Entrevista:O Estado inteligente

quinta-feira, janeiro 18, 2007

Celso Ming - Mais do que espuma?



O Estado de S. Paulo
18/1/2007

Na falta de vontade política empenhada em superar assimetrias, uma após outra, as reuniões de cúpula do Mercosul têm-se limitado a duas coisas: a promover intensa competição de egos e a produzir espuma. Será uma surpresa se a cúpula que começa hoje e termina amanhã, no Rio, desembocar num resultado de melhor qualidade.

O presidente do mais novo sócio, a Venezuela, acaba de comunicar que seu país está construindo o 'socialismo do século 21'. Por falta de explicações, ninguém ainda foi capaz de entender as macroconseqüências disso. Mas é o tipo de projeto que, em vez de integrar, tem tudo para desintegrar um bloco.

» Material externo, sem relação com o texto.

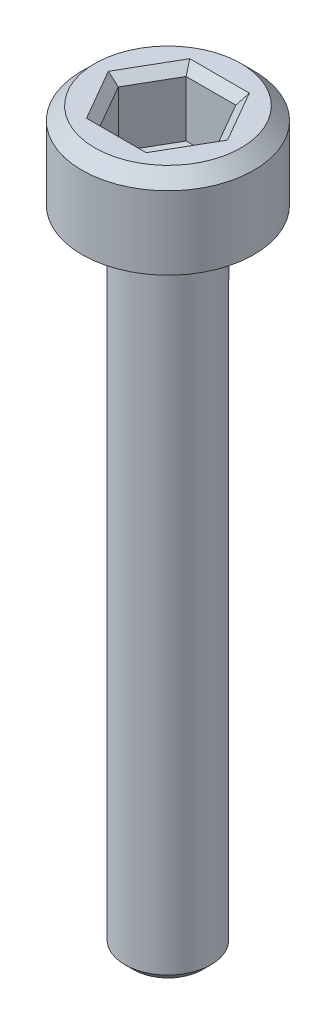
from build123d import *

# Parameters (mm, degrees)
SKETCH1_R           = 2
BOSS_EXTRUDE1_DEPTH = 2
CHAMFER1_SIZE       = 0.3
CUT_EXTRUDE1_DEPTH  = 1.5
CHAMFER2_SIZE       = 0.2
SKETCH3_R           = 1
BOSS_EXTRUDE2_DEPTH = 15
CHAMFER3_SIZE       = 0.2


with BuildPart() as part:
    # Sketch1 → Boss-Extrude1 (new body)
    with BuildSketch(Plane(origin=(0, 0, 0), x_dir=(1, 0, 0), z_dir=(0, 1, 0))):
        with Locations(Location((0, 0, 0), (0, 0, 270))):  # turned: the seam where the file's is
            Circle(SKETCH1_R)
    extrude(amount=BOSS_EXTRUDE1_DEPTH)

    # Chamfer1
    chamfer1_edges = [part.edges().sort_by_distance(p)[0] for p in [
        (0, 2, -2),
    ]]
    chamfer(chamfer1_edges, length=CHAMFER1_SIZE)

    # Sketch2 → Cut-Extrude1 (cut)
    with BuildSketch(Plane(origin=(0, 2, 0), x_dir=(1, 0, 0), z_dir=(0, 1, 0))):
        Polygon((1.154700538, 0), (0.577350269, 1), (-0.577350269, 1), (-1.154700538, 0), (-0.577350269, -1), (0.577350269, -1), align=None)
    extrude(amount=-CUT_EXTRUDE1_DEPTH, mode=Mode.SUBTRACT)

    # Chamfer2
    chamfer2_edges = [part.edges().sort_by_distance(p)[0] for p in [
        (0.866025404, 2, 0.5),
        (0.866025404, 2, -0.5),
        (0, 2, -1),
        (-0.866025404, 2, -0.5),
        (-0.866025404, 2, 0.5),
        (0, 2, 1),
    ]]
    chamfer(chamfer2_edges, length=CHAMFER2_SIZE)

    # Sketch3 → Boss-Extrude2 (add)
    with BuildSketch(Plane.XZ):
        with Locations(Location((0, 0, 0), (0, 0, 90))):  # turned: the seam where the file's is
            Circle(SKETCH3_R)
    extrude(amount=BOSS_EXTRUDE2_DEPTH)

    # Chamfer3
    chamfer3_edges = [part.edges().sort_by_distance(p)[0] for p in [
        (0, -15, -1),
    ]]
    chamfer(chamfer3_edges, length=CHAMFER3_SIZE)


solid = part.part

Mais aberrante ainda, Hugo Chávez anuncia que está preparando um arcabouço jurídico que o legitimará como presidente vitalício da Venezuela. Como em suas cláusulas pétreas o Mercosul está comprometido com a democracia, fica difícil entender como a pretensão de Chávez possa ser agasalhada.

Paraguai e Uruguai acabam de comunicar que não aceitam a proposta brasileira de contratar e liquidar operações de comércio exterior entre os países membros em moedas nacionais dos países do bloco.

A Argentina não concorda com a proposta brasileira de conceder um regime especial de Tarifa Externa Comum (TEC) para Paraguai e Uruguai. Argentina e Uruguai se engalfinham no Tribunal de Haia a propósito da instalação de uma grande central produtora de celulose à margem esquerda do Rio Uruguai.

O Mercosul pretende ser uma união aduaneira, o segundo estágio de integração comercial. Além de pressupor a condição de zona de livre-comércio, uma união aduaneira exige uma política comum de comércio exterior. Entre os capítulos em que se subdivide uma política de comércio exterior estão as regras de investimento. Ora, o Uruguai está na iminência de assinar acordo com os Estados Unidos sobre regras de investimento. E há razões para acreditar em que este seja o primeiro passo para a assinatura de um tratado de livre-comércio em separado com os Estados Unidos. Em princípio, isso implica saída do Uruguai ou desmoralização do Mercosul.

Com o apoio do Itamaraty, a Bolívia quer porque quer ser aceita como membro pleno do Mercosul sem ter de aderir à TEC, o coração da união aduaneira, o que a obrigaria a aumentar a proteção comercial e a enfrentar mais inflação.

Integração econômica não existe porque cada país vai para um lado. A Argentina, por exemplo, tem um câmbio artificialmente desvalorizado, suas exportações levam um confisco de 5% a 40% sobre o valor de venda. Os preços internos estão submetidos a controles do governo central. A Venezuela está anunciando a estatização do setor de energia e de comunicações. O Brasil até agora seguiu as regras da ortodoxia econômica, baseadas no tripé responsabilidade fiscal, câmbio flutuante e sistema de metas de inflação. Mas sabe-se lá até quando fará esse jogo.

Os tratados do Mercosul só têm sido observados quando as cláusulas convêm ao país membro. Quando deixam de convir, atropela-se o que foi assinado, sem que essa decisão produza conseqüências. Os diplomatas da Argentina e do Brasil repetem diariamente que o Mercosul tem tantas perfurações quanto uma tábua de tiro ao alvo. Mas não conseguem mudar o que vêem.

Os governos de Brasil, Argentina, Venezuela e Bolívia não escondem sua antipatia, ou mesmo repulsa, a acordos de livre-comércio. O presidente Lula já se gabou de ter contribuído decisivamente por afundar o projeto da Alca. Kirchner tem medo de que a indústria argentina seja arrasada pelo aumento da competição num ambiente de comércio mais livre. Para Chávez, a Alca é o diabo. Nesse quadro, fica muito difícil antever algum sucesso numa negociação comercial.

Como das outras vezes, o presidente Chávez deverá fazer dessa cúpula mais uma propaganda de si próprio. Mas, como já foi longe demais, sua atuação está exigindo contraponto.

Não parece tão maluco pensar que tanto Lula como Kirchner se vejam na obrigação de compensar os exageros de Chávez com atitudes mais à direita, tanto dentro do Mercosul como no ambiente estratégico sul-americano. A conferir.